Extra virgin olive oil is up 14 per cent, too – not for cooking, but “drizzling over a salad or dipping with sourdough”, according to Waitrose oil buyer Charlotte Kissane. Burnt butter is “the next big thing” because of its “high-impact flavour with low effort”, says innovation chef Will Torrent.
Carbs are not just carbs anymore. They’re a canvas.
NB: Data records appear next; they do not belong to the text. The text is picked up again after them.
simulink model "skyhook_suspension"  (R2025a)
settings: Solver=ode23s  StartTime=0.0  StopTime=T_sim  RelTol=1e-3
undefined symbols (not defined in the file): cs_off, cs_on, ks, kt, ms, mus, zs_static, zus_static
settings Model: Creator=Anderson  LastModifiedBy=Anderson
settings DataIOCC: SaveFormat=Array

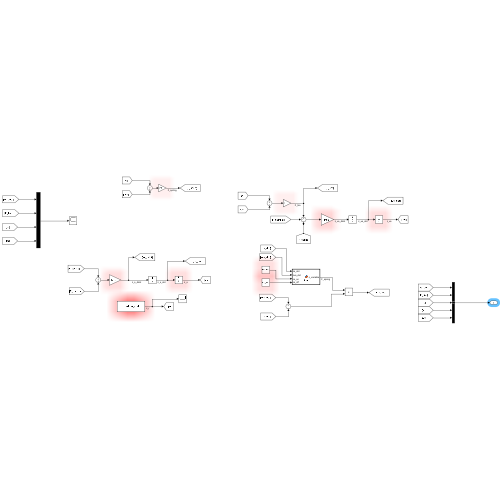
[thumbnail: Simulink's stored preview of the top-level diagram]
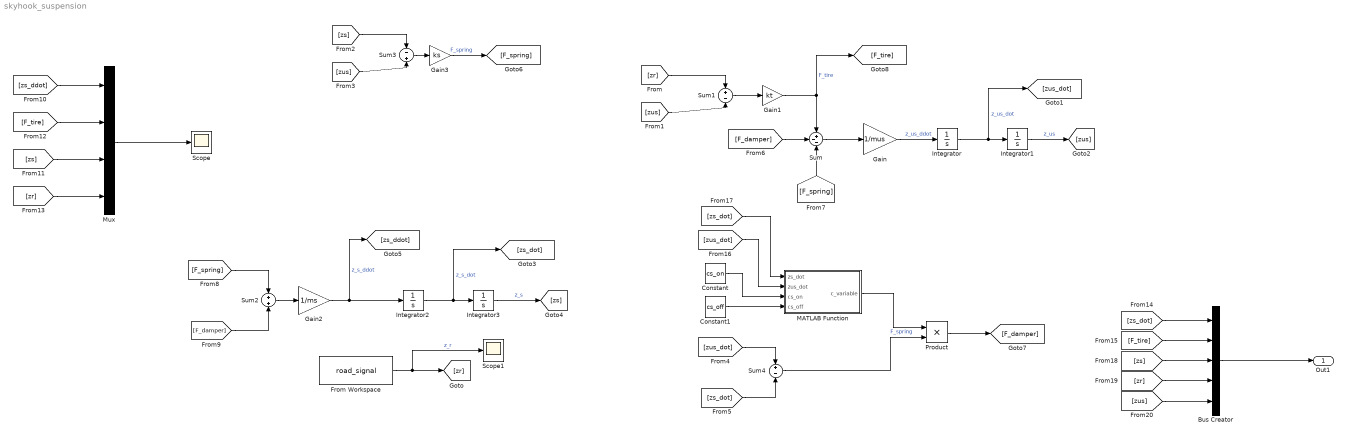
== system skyhook_suspension ==
  Bus Creator : BusCreator  Inputs=5
  Constant : Constant  Value=cs_on
  Constant1 : Constant  Value=cs_off
  From Workspace : FromWorkspace  VariableName=road_signal
  Gain : Gain  Gain=1/mus
  Gain1 : Gain  Gain=kt
  Gain2 : Gain  Gain=1/ms
  Gain3 : Gain  Gain=ks
  Integrator : Integrator
  Integrator1 : Integrator  InitialCondition=zus_static
  Integrator2 : Integrator
  Integrator3 : Integrator  InitialCondition=zs_static
  MATLAB Function : MATLAB Function  TreatAsAtomicUnit=on
  Mux : Mux
  Product : Product
  Scope : Scope
      settings: ActiveDisplayYMinimum=-6868.1819363859859  ActiveDisplayYMaximum=4567.23132626511
  Scope1 : Scope
      settings: ActiveDisplayYMinimum=-0.012493378905301503  ActiveDisplayYMaximum=0.11244041014771355
  Sum : Sum  Inputs=+--
  Sum1 : Sum  Inputs=+-
  Sum2 : Sum
  Sum3 : Sum  Inputs=-+
  Sum4 : Sum  Inputs=+-
  Out1 : Outport
  wires:
  From Workspace/1 -> [zr], Scope1/1  "z_r"
  Integrator/1 -> [zus_dot], Integrator1/1  "z_us_dot"
  Gain/1 -> Integrator/1  "z_us_ddot​"
  Integrator1/1 -> [zus]  "z_us"
  Sum/1 -> Gain/1
  [zr] -> Sum1/1
  [zus] -> Sum1/2
  Sum1/1 -> Gain1/1
  Gain1/1 -> Sum/1, [F_tire]  "F_tire"
  Gain2/1 -> [zs_ddot], Integrator2/1  "z_s_ddot"
  Integrator2/1 -> [zs_dot], Integrator3/1  "z_s_dot"
  Integrator3/1 -> [zs]  "z_s"
  Sum2/1 -> Gain2/1
  [zs] -> Sum3/1
  [zus] -> Sum3/2
  Sum3/1 -> Gain3/1
  Gain3/1 -> [F_spring]  "F_spring"
  [zus_dot] -> Sum4/1
  [zs_dot] -> Sum4/2
  Sum4/1 -> Product/2
  Product/1 -> [F_damper]
  [F_spring] -> Sum/3
  [F_damper] -> Sum/2
  [F_spring] -> Sum2/1
  [F_damper] -> Sum2/2
  [zs_ddot] -> Mux/1
  [F_tire] -> Mux/2
  [zs] -> Mux/3
  [zr] -> Mux/4
  Mux/1 -> Scope/1
  [zs_dot] -> MATLAB Function/1(zs_dot)
  [zus_dot] -> MATLAB Function/2(zus_dot)
  MATLAB Function/1(c_variable) -> Product/1  "F_spring"
  Constant/1 -> MATLAB Function/3(cs_on)
  Constant1/1 -> MATLAB Function/4(cs_off)
  [zus] -> Bus Creator/5
  [zr] -> Bus Creator/4
  [zs] -> Bus Creator/3
  [F_tire] -> Bus Creator/2
  [zs_dot] -> Bus Creator/1
  Bus Creator/1 -> Out1/1

== matlab function skyhook_suspension/MATLAB Function ==
  data: zs_dot input; c_variable output; zus_dot input; cs_on input; cs_off input
function c_variable = fcn(zs_dot, zus_dot, cs_on, cs_off)
%#codegen

% Esta função implementa a lógica de controle Skyhook On-Off.
% As variáveis cs_on e cs_off são lidas do base workspace.

if zs_dot * (zs_dot - zus_dot) >= 0
    % Condição "céu": amortecedor atua para frear o chassi
    c_variable = cs_on;
else
    % Condição "chão": amortecedor fica "mole" para não atrapalhar
    c_variable = cs_off;
end

A jacket potato is not simply beans and cheese, but kimchi, caviar, shawarma chicken with tahini – Waitrose-approved cultural fusion.
We are eating pasta again, but only if it’s drizzled with £12 olive oil.
The quiet hand of GLP-1
But there’s another force shaping this new middle-class menu – one Waitrose is unusually candid about: the influence of GLP-1 drugs, the Mounjaro/Ozempic wave already reshaping how Britain eats.
The supermarket found that 57 per cent of customers sometimes replace a meal with snacky foods. Waitrose trend manager Emilie Wolfman calls it “a transformation of the snacking scene”, where people now want snacks that are “nutrient-dense, often high in protein, and with fewer additives, but more complex flavours.”
Today’s carbs are smaller, denser, fibre-first. It is perfectly possible to be both pro-carb and pro-Mounjaro. Just take half the portion and cover it in tahini.
What the carb comeback really means
Taken together, the Waitrose report paints a clear picture: Britain is quietly rewriting its food culture. Not rejecting wellness – just reframing it.
Ultra-processed foods are out. Fibre is in. Carbs have been forgiven. The freezer is chic. Condiments are a personality type. Pork is back. Faux meat is fading. GLP-1 snacks are rising. TikTok trends are the new seasonal menu changes.
For the first time in years, people are happily eating bread, roast potatoes, brownies, pasta, beans, and jacket spuds again, as long as they can explain the fermentation process and are prepared to drizzle something artisanal on top.